Stitch Fix last released its earnings results on Monday, March 12th. The company reported $0.07 EPS for the quarter, topping the consensus estimate of $0.06 by $0.01. The company had revenue of $296.00 million during the quarter, compared to analysts’ expectations of $291.29 million. Stitch Fix’s revenue was up 24.4% compared to the same quarter last year.

Analysts and Hedge Funds Opinions

Several analysts have recently commented on the company…..

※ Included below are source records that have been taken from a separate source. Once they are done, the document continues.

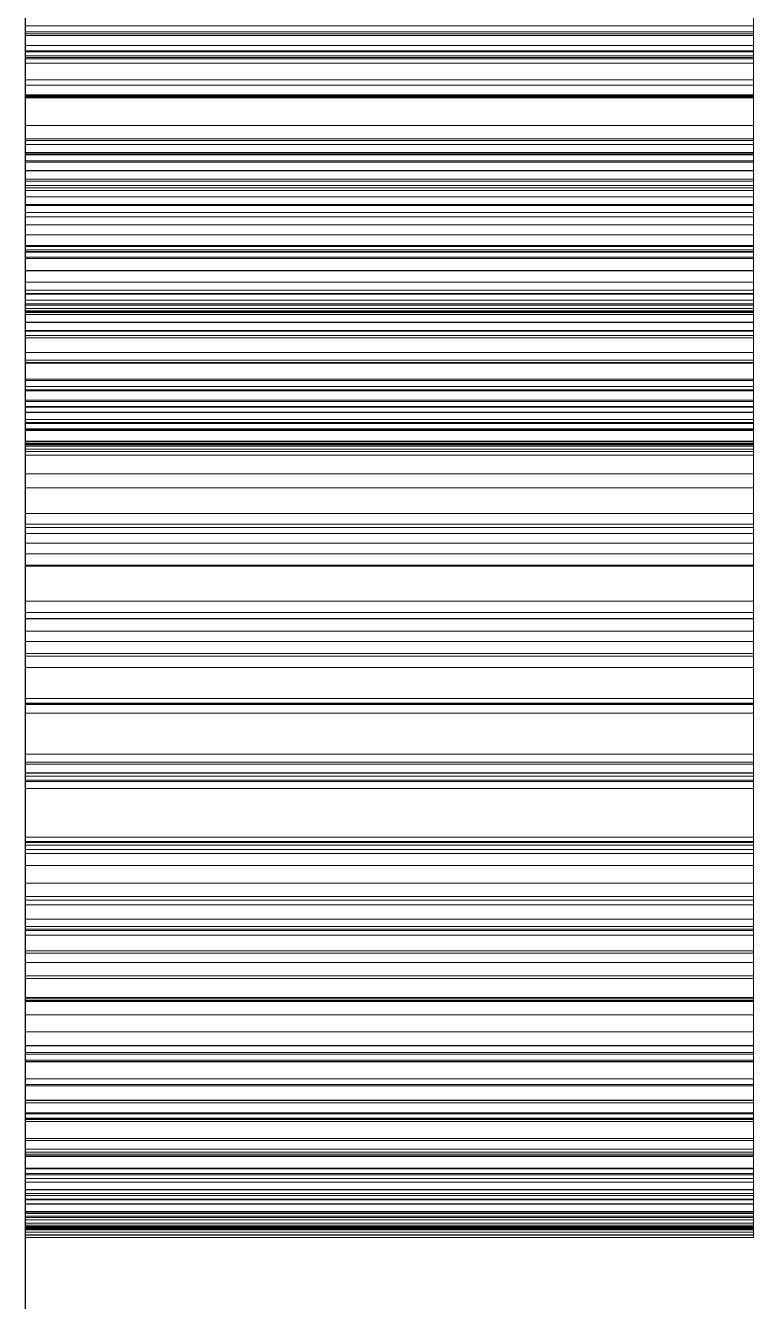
# Paper-space layout '01_三视图' of a CAD drawing. Header units: millimetres. Extents: x 8 to 451, y 8 to 289.
# Drawn here: x 18 to 18.6, y 183.647 to 184.7 of the extents above; entities that cross this region are included whole.
import ezdxf

# ---------------------------------------------------------------- set-up
doc = ezdxf.new("R2010")
doc.units = ezdxf.units.MM
doc.linetypes.add('WP_HIDDEN', pattern=[2.3, 1.5, -0.8])
doc.layers.add('HIDDEN', color=7, linetype='WP_HIDDEN', lineweight=13)
doc.layers.add('VISIBLE', color=7, linetype='CONTINUOUS', lineweight=25)

psp = doc.layouts.new('01_三视图')

# ---------------------------------------------------------------- linework, layer by layer
at = {"layer": 'HIDDEN'}
for points in [[(18, 190.1912), (18, 183.8131)], [(18.6, 190.1912), (18.6, 183.8131)], [(18, 188.6728), (18, 183.8131)], [(18.6, 183.8131), (18.6, 188.6728)], [(18, 186.4061), (18, 183.8131)], [(18.6, 183.8131), (18.6, 186.4061)], [(18, 184.6994), (18, 184.8263)], [(18, 184.8214), (18, 184.6735)], [(18.6, 184.8263), (18.6, 184.6994)], [(18.6, 184.6735), (18.6, 184.8214)], [(18, 184.6782), (18, 184.7844)], [(18, 184.7784), (18, 184.6722)], [(18.6, 184.7844), (18.6, 184.6782)], [(18.6, 184.6722), (18.6, 184.7784)], [(18, 184.6947), (18, 184.7746)], [(18, 184.6747), (18, 184.7746)], [(18, 184.7685), (18, 184.655)], [(18.6, 184.7746), (18.6, 184.6947)], [(18.6, 184.7746), (18.6, 184.6747)], [(18.6, 184.655), (18.6, 184.7685)], [(18, 184.6788), (18, 184.7583)], [(18.6, 184.7583), (18.6, 184.6788)], [(18, 184.7522), (18, 184.6687)], [(18, 184.6929), (18, 184.748)], [(18, 184.7463), (18, 184.6915)], [(18.6, 184.6687), (18.6, 184.7522)], [(18.6, 184.748), (18.6, 184.6929)], [(18.6, 184.6915), (18.6, 184.7463)], [(18, 184.6414), (18, 184.7311)], [(18, 184.7309), (18, 184.6506)], [(18, 184.6834), (18, 184.7276)], [(18.6, 184.7311), (18.6, 184.6414)], [(18.6, 184.6506), (18.6, 184.7309)], [(18.6, 184.7276), (18.6, 184.6834)], [(18, 184.7236), (18, 184.6402)], [(18, 184.7212), (18, 184.6419)], [(18, 184.5931), (18, 184.7159)], [(18.6, 184.6402), (18.6, 184.7236)], [(18.6, 184.6419), (18.6, 184.7212)], [(18.6, 184.7159), (18.6, 184.5931)], [(18, 184.6998), (18, 184.6506)], [(18, 184.5803), (18, 184.6994)], [(18, 184.6994), (18.6, 184.6994)], [(18, 184.6172), (18, 184.6947)], [(18, 184.6947), (18.6, 184.6947)], [(18.6, 184.6506), (18.6, 184.6998)], [(18.6, 184.6994), (18.6, 184.5803)], [(18.6, 184.6947), (18.6, 184.6172)], [(18, 184.6929), (18.6, 184.6929)], [(18, 184.6419), (18, 184.6929)], [(18, 184.6915), (18, 184.6407)], [(18, 184.6915), (18.6, 184.6915)], [(18, 184.6425), (18, 184.6834)], [(18, 184.6834), (18.6, 184.6834)], [(18.6, 184.6929), (18.6, 184.6419)], [(18.6, 184.6407), (18.6, 184.6915)], [(18.6, 184.6834), (18.6, 184.6425)], [(18, 184.6017), (18, 184.6788)], [(18, 184.6788), (18.6, 184.6788)], [(18, 184.5715), (18, 184.6782)], [(18, 184.6782), (18.6, 184.6782)], [(18, 184.5881), (18, 184.6747)], [(18, 184.6747), (18.6, 184.6747)], [(18, 184.6735), (18, 184.5353)], [(18, 184.6735), (18.6, 184.6735)], [(18.6, 184.6788), (18.6, 184.6017)], [(18.6, 184.6782), (18.6, 184.5715)], [(18.6, 184.6747), (18.6, 184.5881)], [(18.6, 184.5353), (18.6, 184.6735)], [(18, 184.6722), (18, 184.5658)], [(18, 184.6722), (18.6, 184.6722)], [(18, 184.6687), (18, 184.5871)], [(18, 184.6687), (18.6, 184.6687)], [(18.6, 184.5658), (18.6, 184.6722)], [(18.6, 184.5871), (18.6, 184.6687)], [(18, 184.655), (18, 184.5455)], [(18, 184.655), (18.6, 184.655)], [(18.6, 184.5455), (18.6, 184.655)], [(18, 184.6506), (18, 184.5798)], [(18, 184.6506), (18, 184.6063)], [(18, 184.6506), (18.6, 184.6506)], [(18, 184.6049), (18, 184.6425)], [(18, 184.6425), (18.6, 184.6425)], [(18, 184.6419), (18, 184.5731)], [(18, 184.6419), (18.6, 184.6419)], [(18, 184.595), (18, 184.6419)], [(18, 184.5636), (18, 184.6414)], [(18, 184.6414), (18.6, 184.6414)], [(18, 184.6407), (18, 184.594)], [(18, 184.6407), (18.6, 184.6407)], [(18.6, 184.5798), (18.6, 184.6506)], [(18.6, 184.6063), (18.6, 184.6506)], [(18.6, 184.6425), (18.6, 184.6049)], [(18.6, 184.5731), (18.6, 184.6419)], [(18.6, 184.6419), (18.6, 184.595)], [(18.6, 184.6414), (18.6, 184.5636)], [(18.6, 184.594), (18.6, 184.6407)], [(18, 184.6402), (18, 184.5585)], [(18, 184.6402), (18.6, 184.6402)], [(18.6, 184.5585), (18.6, 184.6402)], [(18, 184.5419), (18, 184.6172)], [(18, 184.6172), (18.6, 184.6172)], [(18.6, 184.6172), (18.6, 184.5419)], [(18, 184.6063), (18, 184.5678)], [(18, 184.6063), (18.6, 184.6063)], [(18, 184.5713), (18, 184.6049)], [(18, 184.6049), (18.6, 184.6049)], [(18, 184.5272), (18, 184.6017)], [(18, 184.6017), (18.6, 184.6017)], [(18.6, 184.5678), (18.6, 184.6063)], [(18.6, 184.6049), (18.6, 184.5713)], [(18.6, 184.6017), (18.6, 184.5272)], [(18, 184.595), (18.6, 184.595)], [(18, 184.5522), (18, 184.595)], [(18, 184.594), (18, 184.5513)], [(18, 184.594), (18.6, 184.594)], [(18, 184.4784), (18, 184.5931)], [(18, 184.5931), (18.6, 184.5931)], [(18, 184.5148), (18, 184.5881)], [(18, 184.5881), (18.6, 184.5881)], [(18.6, 184.595), (18.6, 184.5522)], [(18.6, 184.5513), (18.6, 184.594)], [(18.6, 184.5931), (18.6, 184.4784)], [(18.6, 184.5881), (18.6, 184.5148)], [(18, 184.5871), (18, 184.5076)], [(18, 184.5871), (18.6, 184.5871)], [(18, 184.4691), (18, 184.5803)], [(18, 184.5803), (18.6, 184.5803)], [(18, 184.5798), (18, 184.5183)], [(18, 184.5798), (18.6, 184.5798)], [(18.6, 184.5076), (18.6, 184.5871)], [(18.6, 184.5803), (18.6, 184.4691)], [(18.6, 184.5183), (18.6, 184.5798)], [(18, 184.5731), (18, 184.5134)], [(18, 184.5731), (18.6, 184.5731)], [(18, 184.4644), (18, 184.5715)], [(18, 184.5715), (18.6, 184.5715)], [(18, 184.5421), (18, 184.5713)], [(18, 184.5713), (18.6, 184.5713)], [(18, 184.5678), (18, 184.5353)], [(18, 184.5678), (18.6, 184.5678)], [(18.6, 184.5134), (18.6, 184.5731)], [(18.6, 184.5715), (18.6, 184.4644)], [(18.6, 184.5713), (18.6, 184.5421)], [(18.6, 184.5353), (18.6, 184.5678)], [(18, 184.5658), (18, 183.8131)], [(18, 184.5658), (18.6, 184.5658)], [(18, 184.4978), (18, 184.5636)], [(18, 184.5636), (18.6, 184.5636)], [(18, 184.5585), (18, 184.4788)], [(18, 184.5585), (18.6, 184.5585)], [(18.6, 183.8131), (18.6, 184.5658)], [(18.6, 184.5636), (18.6, 184.4978)], [(18.6, 184.4788), (18.6, 184.5585)], [(18, 184.5522), (18.6, 184.5522)], [(18, 184.5134), (18, 184.5522)], [(18, 184.5513), (18, 184.5128)], [(18, 184.5513), (18.6, 184.5513)], [(18.6, 184.5522), (18.6, 184.5134)], [(18.6, 184.5128), (18.6, 184.5513)], [(18, 184.5455), (18, 184.4423)], [(18, 184.5455), (18.6, 184.5455)], [(18, 184.5175), (18, 184.5421)], [(18, 184.5421), (18.6, 184.5421)], [(18, 184.469), (18, 184.5419)], [(18, 184.5419), (18.6, 184.5419)], [(18.6, 184.4423), (18.6, 184.5455)], [(18.6, 184.5421), (18.6, 184.5175)], [(18.6, 184.5419), (18.6, 184.469)], [(18, 184.5353), (18, 184.407)], [(18, 184.5353), (18, 184.5087)], [(18, 184.5353), (18.6, 184.5353)], [(18, 184.5353), (18.6, 184.5353)], [(18, 184.4551), (18, 184.5272)], [(18, 184.5272), (18.6, 184.5272)], [(18.6, 184.407), (18.6, 184.5353)], [(18.6, 184.5087), (18.6, 184.5353)], [(18.6, 184.5272), (18.6, 184.4551)], [(18, 184.5183), (18, 184.4664)], [(18, 184.5183), (18.6, 184.5183)], [(18, 184.4973), (18, 184.5175)], [(18, 184.5175), (18.6, 184.5175)], [(18, 184.4548), (18, 184.5148)], [(18, 184.5148), (18.6, 184.5148)], [(18.6, 184.4664), (18.6, 184.5183)], [(18.6, 184.5175), (18.6, 184.4973)], [(18.6, 184.5148), (18.6, 184.4548)], [(18, 184.5134), (18, 184.463)], [(18, 184.5134), (18.6, 184.5134)], [(18, 184.4788), (18, 184.5134)], [(18, 184.5128), (18, 184.4782)], [(18, 184.5128), (18.6, 184.5128)], [(18, 184.5087), (18, 184.488)], [(18, 184.5087), (18.6, 184.5087)], [(18, 184.5076), (18, 184.43)], [(18, 184.5076), (18.6, 184.5076)], [(18.6, 184.463), (18.6, 184.5134)], [(18.6, 184.5134), (18.6, 184.4788)], [(18.6, 184.4782), (18.6, 184.5128)], [(18.6, 184.488), (18.6, 184.5087)], [(18.6, 184.43), (18.6, 184.5076)], [(18, 184.444), (18, 184.4978)], [(18, 184.4978), (18.6, 184.4978)], [(18, 184.4816), (18, 184.4973)], [(18, 184.4973), (18.6, 184.4973)], [(18.6, 184.4978), (18.6, 184.444)], [(18.6, 184.4973), (18.6, 184.4816)], [(18, 184.488), (18, 184.4732)], [(18, 184.488), (18.6, 184.488)], [(18.6, 184.4732), (18.6, 184.488)], [(18, 184.4703), (18, 184.4816)], [(18, 184.4816), (18.6, 184.4816)], [(18, 184.4788), (18, 184.385)], [(18, 184.4788), (18.6, 184.4788)], [(18, 184.4482), (18, 184.4788)], [(18, 184.3715), (18, 184.4784)], [(18, 184.4784), (18.6, 184.4784)], [(18, 184.4782), (18, 184.4478)], [(18, 184.4782), (18.6, 184.4782)], [(18, 184.4732), (18, 184.4643)], [(18, 184.4732), (18.6, 184.4732)], [(18.6, 184.4816), (18.6, 184.4703)], [(18.6, 184.385), (18.6, 184.4788)], [(18.6, 184.4788), (18.6, 184.4482)], [(18.6, 184.4784), (18.6, 184.3715)], [(18.6, 184.4478), (18.6, 184.4782)], [(18.6, 184.4643), (18.6, 184.4732)], [(18, 184.4636), (18, 184.4703)], [(18, 184.4703), (18.6, 184.4703)], [(18, 184.3657), (18, 184.4691)], [(18, 184.4691), (18.6, 184.4691)], [(18, 184.3984), (18, 184.469)], [(18, 184.469), (18.6, 184.469)], [(18, 184.4664), (18, 184.4238)], [(18, 184.4664), (18.6, 184.4664)], [(18, 184.357), (18, 184.4644)], [(18, 184.4644), (18.6, 184.4644)], [(18, 184.4643), (18, 184.4614)], [(18, 184.4643), (18.6, 184.4643)], [(18, 184.4614), (18, 184.4636)], [(18, 184.4636), (18.6, 184.4636)], [(18, 184.463), (18, 184.4217)], [(18, 184.463), (18.6, 184.463)], [(18.6, 184.4703), (18.6, 184.4636)], [(18.6, 184.4691), (18.6, 184.3657)], [(18.6, 184.469), (18.6, 184.3984)], [(18.6, 184.4238), (18.6, 184.4664)], [(18.6, 184.4644), (18.6, 184.357)], [(18.6, 184.4614), (18.6, 184.4643)], [(18.6, 184.4636), (18.6, 184.4614)], [(18.6, 184.4217), (18.6, 184.463)], [(18, 184.4614), (18.6, 184.4614)], [(18, 184.3855), (18, 184.4551)], [(18, 184.4551), (18.6, 184.4551)], [(18, 184.4082), (18, 184.4548)], [(18, 184.4548), (18.6, 184.4548)], [(18.6, 184.4551), (18.6, 184.3855)], [(18.6, 184.4548), (18.6, 184.4082)], [(18, 184.4482), (18.6, 184.4482)], [(18, 184.4217), (18, 184.4482)], [(18, 184.4478), (18, 184.4214)], [(18, 184.4478), (18.6, 184.4478)], [(18, 184.4021), (18, 184.444)], [(18, 184.444), (18.6, 184.444)], [(18, 184.4423), (18, 184.3454)], [(18, 184.4423), (18.6, 184.4423)], [(18.6, 184.4482), (18.6, 184.4217)], [(18.6, 184.4214), (18.6, 184.4478)], [(18.6, 184.444), (18.6, 184.4021)], [(18.6, 184.3454), (18.6, 184.4423)], [(18, 184.43), (18, 184.3544)], [(18, 184.43), (18.6, 184.43)], [(18, 184.4238), (18, 184.3908)], [(18, 184.4238), (18.6, 184.4238)], [(18, 184.4217), (18, 184.3896)], [(18, 184.4217), (18.6, 184.4217)], [(18, 184.3992), (18, 184.4217)], [(18, 184.4214), (18, 184.399)], [(18, 184.4214), (18.6, 184.4214)], [(18.6, 184.3544), (18.6, 184.43)], [(18.6, 184.3908), (18.6, 184.4238)], [(18.6, 184.3896), (18.6, 184.4217)], [(18.6, 184.4217), (18.6, 184.3992)], [(18.6, 184.399), (18.6, 184.4214)], [(18, 184.3749), (18, 184.4082)], [(18, 184.4082), (18.6, 184.4082)], [(18, 184.407), (18, 184.2884)], [(18, 184.407), (18.6, 184.407)], [(18, 184.3722), (18, 184.4021)], [(18, 184.4021), (18.6, 184.4021)], [(18, 184.3992), (18.6, 184.3992)], [(18, 184.3809), (18, 184.3992)], [(18, 184.399), (18, 184.3807)], [(18, 184.399), (18.6, 184.399)], [(18.6, 184.4082), (18.6, 184.3749)], [(18.6, 184.2884), (18.6, 184.407)], [(18.6, 184.4021), (18.6, 184.3722)], [(18.6, 184.3992), (18.6, 184.3809)], [(18.6, 184.3807), (18.6, 184.399)], [(18, 184.33), (18, 184.3984)], [(18, 184.3984), (18.6, 184.3984)], [(18, 184.3908), (18, 184.3672)], [(18, 184.3908), (18.6, 184.3908)], [(18, 184.3896), (18, 184.3666)], [(18, 184.3896), (18.6, 184.3896)], [(18.6, 184.3984), (18.6, 184.33)], [(18.6, 184.3672), (18.6, 184.3908)], [(18.6, 184.3666), (18.6, 184.3896)], [(18, 184.3184), (18, 184.3855)], [(18, 184.3855), (18.6, 184.3855)], [(18, 184.385), (18, 184.2973)], [(18, 184.385), (18.6, 184.385)], [(18, 184.3809), (18.6, 184.3809)], [(18, 184.3666), (18, 184.3809)], [(18, 184.3807), (18, 184.3665)], [(18, 184.3807), (18.6, 184.3807)], [(18.6, 184.3855), (18.6, 184.3184)], [(18.6, 184.2973), (18.6, 184.385)], [(18.6, 184.3809), (18.6, 184.3666)], [(18.6, 184.3665), (18.6, 184.3807)], [(18, 184.3549), (18, 184.3749)], [(18, 184.3749), (18.6, 184.3749)], [(18, 184.3542), (18, 184.3722)], [(18, 184.3722), (18.6, 184.3722)], [(18, 184.2727), (18, 184.3715)], [(18, 184.3715), (18.6, 184.3715)], [(18, 184.3672), (18, 184.353)], [(18, 184.3672), (18.6, 184.3672)], [(18.6, 184.3749), (18.6, 184.3549)], [(18.6, 184.3722), (18.6, 184.3542)], [(18.6, 184.3715), (18.6, 184.2727)], [(18.6, 184.353), (18.6, 184.3672)], [(18, 184.3666), (18, 184.3528)], [(18, 184.3666), (18.6, 184.3666)], [(18, 184.3564), (18, 184.3666)], [(18, 184.3665), (18, 184.3564)], [(18, 184.3665), (18.6, 184.3665)], [(18, 184.2856), (18, 184.3657)], [(18, 184.3657), (18.6, 184.3657)], [(18, 184.2251), (18, 184.357)], [(18, 184.357), (18.6, 184.357)], [(18.6, 184.3528), (18.6, 184.3666)], [(18.6, 184.3666), (18.6, 184.3564)], [(18.6, 184.3564), (18.6, 184.3665)], [(18.6, 184.3657), (18.6, 184.2856)], [(18.6, 184.357), (18.6, 184.2251)], [(18, 184.3564), (18.6, 184.3564)], [(18, 184.3503), (18, 184.3564)], [(18, 184.3564), (18, 184.3503)], [(18, 184.3564), (18.6, 184.3564)], [(18, 184.3483), (18, 184.3549)], [(18, 184.3549), (18.6, 184.3549)], [(18, 184.3544), (18, 184.2808)], [(18, 184.3544), (18.6, 184.3544)], [(18, 184.3483), (18, 184.3542)], [(18, 184.3542), (18.6, 184.3542)], [(18, 184.353), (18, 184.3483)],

  • Stifel Nicolaus lifted their price target on shares of Stitch Fix from $23.00 to $25.00 and gave the company a “hold” rating in a report on Tuesday, March 13th.
  • ValuEngine raised shares of Stitch Fix from a “sell” rating to a “hold” rating in a report on Wednesday, April 4th.
  • Finally, Buckingham Research began coverage on shares of Stitch Fix in a report on Monday, March 19th. They set a “neutral” rating and a $22.00 price target on the stock.

Six research analysts have rated the stock with a hold rating and three have issued a buy rating to the stock. The stock has an average rating of “Hold” and an average price target of $25.57.

Institutional investors that have recently made a change to their positions in the stock….

  • Gilder Gagnon Howe & Co. LLC purchased a new position in shares of Stitch Fix in the fourth quarter worth $25,974,000.
  • Virtu Financial LLC purchased a new position in shares of Stitch Fix in the fourth quarter worth $578,000.
  • Engineers Gate Manager LP purchased a new position in shares of Stitch Fix in the fourth quarter worth $1,538,000.
  • potrero capital research llc purchased a new position in shares of Stitch Fix in the fourth quarter worth $1,808,000.

Analysts predict that Stitch Fix will post earnings per share (EPS) of $0.03 for the current quarter. Three analysts have provided estimates for Stitch Fix’s earnings, with estimates ranging from $0.02 to $0.03. The business is expected to report its next quarterly earnings report after the market closes this Thursday, June 7th.

Stitch Fix Inc has a one year low of $14.48 and a one year high of $30.07.